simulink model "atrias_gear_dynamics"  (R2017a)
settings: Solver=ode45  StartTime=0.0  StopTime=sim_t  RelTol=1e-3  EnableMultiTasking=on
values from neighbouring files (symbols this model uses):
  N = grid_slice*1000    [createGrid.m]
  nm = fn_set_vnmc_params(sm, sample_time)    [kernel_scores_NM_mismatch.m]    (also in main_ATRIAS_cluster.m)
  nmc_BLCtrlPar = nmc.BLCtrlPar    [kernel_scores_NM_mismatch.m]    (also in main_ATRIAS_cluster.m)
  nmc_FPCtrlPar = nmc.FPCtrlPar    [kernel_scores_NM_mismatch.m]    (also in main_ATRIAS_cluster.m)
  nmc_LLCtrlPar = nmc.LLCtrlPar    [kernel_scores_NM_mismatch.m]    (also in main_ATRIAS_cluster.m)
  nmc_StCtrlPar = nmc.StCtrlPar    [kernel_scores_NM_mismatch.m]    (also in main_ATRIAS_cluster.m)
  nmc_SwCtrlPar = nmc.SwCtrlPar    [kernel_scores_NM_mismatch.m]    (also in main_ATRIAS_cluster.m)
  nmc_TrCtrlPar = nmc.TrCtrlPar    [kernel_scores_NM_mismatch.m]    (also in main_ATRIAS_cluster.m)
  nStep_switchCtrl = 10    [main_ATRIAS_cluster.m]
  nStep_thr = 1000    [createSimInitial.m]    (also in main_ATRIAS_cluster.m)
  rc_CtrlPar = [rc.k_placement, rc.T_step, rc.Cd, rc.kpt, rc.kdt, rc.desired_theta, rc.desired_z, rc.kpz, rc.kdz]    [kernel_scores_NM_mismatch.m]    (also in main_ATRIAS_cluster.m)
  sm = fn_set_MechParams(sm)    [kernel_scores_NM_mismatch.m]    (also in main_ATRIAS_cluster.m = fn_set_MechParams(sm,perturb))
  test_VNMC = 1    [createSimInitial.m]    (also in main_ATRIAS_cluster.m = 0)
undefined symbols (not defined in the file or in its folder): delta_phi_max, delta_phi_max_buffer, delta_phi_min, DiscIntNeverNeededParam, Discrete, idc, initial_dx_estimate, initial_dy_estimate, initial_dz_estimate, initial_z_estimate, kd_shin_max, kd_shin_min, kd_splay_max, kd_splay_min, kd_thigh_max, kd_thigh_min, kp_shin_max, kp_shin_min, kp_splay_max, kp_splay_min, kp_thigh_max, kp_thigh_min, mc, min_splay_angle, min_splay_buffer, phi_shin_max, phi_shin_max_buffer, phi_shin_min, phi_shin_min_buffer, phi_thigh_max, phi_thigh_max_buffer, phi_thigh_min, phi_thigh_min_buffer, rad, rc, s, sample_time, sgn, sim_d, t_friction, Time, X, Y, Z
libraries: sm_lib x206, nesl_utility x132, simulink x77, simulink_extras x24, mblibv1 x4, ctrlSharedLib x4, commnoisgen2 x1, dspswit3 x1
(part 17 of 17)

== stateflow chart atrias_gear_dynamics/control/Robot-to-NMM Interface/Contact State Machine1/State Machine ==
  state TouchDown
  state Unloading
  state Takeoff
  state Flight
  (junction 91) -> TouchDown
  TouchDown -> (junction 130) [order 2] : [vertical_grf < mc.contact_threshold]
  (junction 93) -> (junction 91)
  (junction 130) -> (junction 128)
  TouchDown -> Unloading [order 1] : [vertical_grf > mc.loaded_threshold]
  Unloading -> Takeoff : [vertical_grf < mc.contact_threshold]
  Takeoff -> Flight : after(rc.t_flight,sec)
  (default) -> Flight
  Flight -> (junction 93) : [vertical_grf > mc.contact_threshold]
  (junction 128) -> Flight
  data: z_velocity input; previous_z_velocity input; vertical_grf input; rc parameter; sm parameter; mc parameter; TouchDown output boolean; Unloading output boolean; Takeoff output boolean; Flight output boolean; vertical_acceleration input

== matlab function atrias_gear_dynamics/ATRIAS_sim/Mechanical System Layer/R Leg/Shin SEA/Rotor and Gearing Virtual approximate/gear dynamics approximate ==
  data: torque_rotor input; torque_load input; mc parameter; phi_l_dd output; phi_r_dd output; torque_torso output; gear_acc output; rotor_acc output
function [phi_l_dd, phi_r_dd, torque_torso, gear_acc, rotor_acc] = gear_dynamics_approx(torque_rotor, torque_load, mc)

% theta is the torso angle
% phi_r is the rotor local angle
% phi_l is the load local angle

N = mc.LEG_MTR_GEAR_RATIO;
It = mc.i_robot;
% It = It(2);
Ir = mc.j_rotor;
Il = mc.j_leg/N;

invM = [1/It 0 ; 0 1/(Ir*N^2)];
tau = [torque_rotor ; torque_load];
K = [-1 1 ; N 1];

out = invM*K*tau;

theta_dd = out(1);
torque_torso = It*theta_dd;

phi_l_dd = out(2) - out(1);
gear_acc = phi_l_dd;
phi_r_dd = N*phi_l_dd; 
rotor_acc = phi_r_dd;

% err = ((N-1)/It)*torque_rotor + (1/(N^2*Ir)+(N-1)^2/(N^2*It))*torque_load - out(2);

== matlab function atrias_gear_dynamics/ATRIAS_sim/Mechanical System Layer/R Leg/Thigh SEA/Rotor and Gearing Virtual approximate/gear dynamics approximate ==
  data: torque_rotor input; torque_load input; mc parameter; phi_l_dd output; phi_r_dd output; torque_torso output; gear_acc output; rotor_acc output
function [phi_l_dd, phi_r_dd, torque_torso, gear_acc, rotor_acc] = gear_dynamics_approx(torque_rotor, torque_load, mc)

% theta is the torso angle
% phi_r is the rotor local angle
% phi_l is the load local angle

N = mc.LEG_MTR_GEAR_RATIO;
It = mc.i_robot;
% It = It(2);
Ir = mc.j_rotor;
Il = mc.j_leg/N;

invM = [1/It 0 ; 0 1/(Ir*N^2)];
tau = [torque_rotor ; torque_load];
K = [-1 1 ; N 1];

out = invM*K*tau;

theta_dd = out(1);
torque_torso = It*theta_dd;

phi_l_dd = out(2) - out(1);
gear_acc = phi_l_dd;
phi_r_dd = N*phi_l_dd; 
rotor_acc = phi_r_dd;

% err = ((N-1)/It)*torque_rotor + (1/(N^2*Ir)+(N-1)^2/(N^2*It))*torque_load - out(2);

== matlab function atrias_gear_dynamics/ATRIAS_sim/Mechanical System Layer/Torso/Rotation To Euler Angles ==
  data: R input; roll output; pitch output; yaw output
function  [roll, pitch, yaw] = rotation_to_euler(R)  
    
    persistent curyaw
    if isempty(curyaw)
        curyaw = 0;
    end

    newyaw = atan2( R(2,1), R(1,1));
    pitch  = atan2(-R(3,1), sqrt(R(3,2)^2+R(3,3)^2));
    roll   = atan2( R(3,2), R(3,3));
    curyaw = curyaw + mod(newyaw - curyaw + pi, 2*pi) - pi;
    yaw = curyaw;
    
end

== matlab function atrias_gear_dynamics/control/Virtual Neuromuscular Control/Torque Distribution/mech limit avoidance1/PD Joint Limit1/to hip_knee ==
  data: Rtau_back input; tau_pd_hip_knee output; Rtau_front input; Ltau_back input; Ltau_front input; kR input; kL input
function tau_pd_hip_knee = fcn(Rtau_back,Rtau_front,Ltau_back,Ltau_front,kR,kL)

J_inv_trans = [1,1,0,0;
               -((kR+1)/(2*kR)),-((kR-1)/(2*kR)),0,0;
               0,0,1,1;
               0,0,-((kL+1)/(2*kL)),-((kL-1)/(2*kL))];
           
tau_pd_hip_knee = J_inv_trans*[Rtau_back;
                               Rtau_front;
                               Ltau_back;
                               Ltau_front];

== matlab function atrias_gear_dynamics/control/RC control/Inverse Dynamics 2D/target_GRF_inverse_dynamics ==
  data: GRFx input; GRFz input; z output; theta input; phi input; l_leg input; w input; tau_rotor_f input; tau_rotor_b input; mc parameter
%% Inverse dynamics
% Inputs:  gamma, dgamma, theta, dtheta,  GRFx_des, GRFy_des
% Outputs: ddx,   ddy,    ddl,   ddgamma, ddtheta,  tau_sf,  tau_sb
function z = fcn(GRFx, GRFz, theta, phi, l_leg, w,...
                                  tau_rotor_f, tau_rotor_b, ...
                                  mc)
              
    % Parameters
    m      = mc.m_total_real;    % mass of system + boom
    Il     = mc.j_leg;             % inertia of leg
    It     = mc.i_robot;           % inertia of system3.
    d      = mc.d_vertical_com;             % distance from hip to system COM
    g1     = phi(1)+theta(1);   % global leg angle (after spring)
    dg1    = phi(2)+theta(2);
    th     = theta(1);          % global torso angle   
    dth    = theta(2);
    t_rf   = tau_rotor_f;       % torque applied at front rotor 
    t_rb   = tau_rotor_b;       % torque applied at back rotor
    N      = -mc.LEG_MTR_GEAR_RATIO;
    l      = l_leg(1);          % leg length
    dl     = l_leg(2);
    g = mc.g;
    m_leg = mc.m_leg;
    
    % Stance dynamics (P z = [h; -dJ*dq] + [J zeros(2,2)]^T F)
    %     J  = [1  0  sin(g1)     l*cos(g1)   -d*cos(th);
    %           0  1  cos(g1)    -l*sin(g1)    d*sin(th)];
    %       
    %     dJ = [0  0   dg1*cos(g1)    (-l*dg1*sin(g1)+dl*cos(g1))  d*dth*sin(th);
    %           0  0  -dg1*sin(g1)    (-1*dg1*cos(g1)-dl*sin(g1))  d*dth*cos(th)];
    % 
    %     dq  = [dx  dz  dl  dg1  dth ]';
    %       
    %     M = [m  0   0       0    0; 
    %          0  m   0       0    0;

● **TASK TO CARRY OUT**: Each line in the listing above that includes "approximate" is to be copied.

● **WRITTEN SOLUTION**:
== matlab function atrias_gear_dynamics/ATRIAS_sim/Mechanical System Layer/R Leg/Shin SEA/Rotor and Gearing Virtual approximate/gear dynamics approximate ==
== matlab function atrias_gear_dynamics/ATRIAS_sim/Mechanical System Layer/R Leg/Thigh SEA/Rotor and Gearing Virtual approximate/gear dynamics approximate ==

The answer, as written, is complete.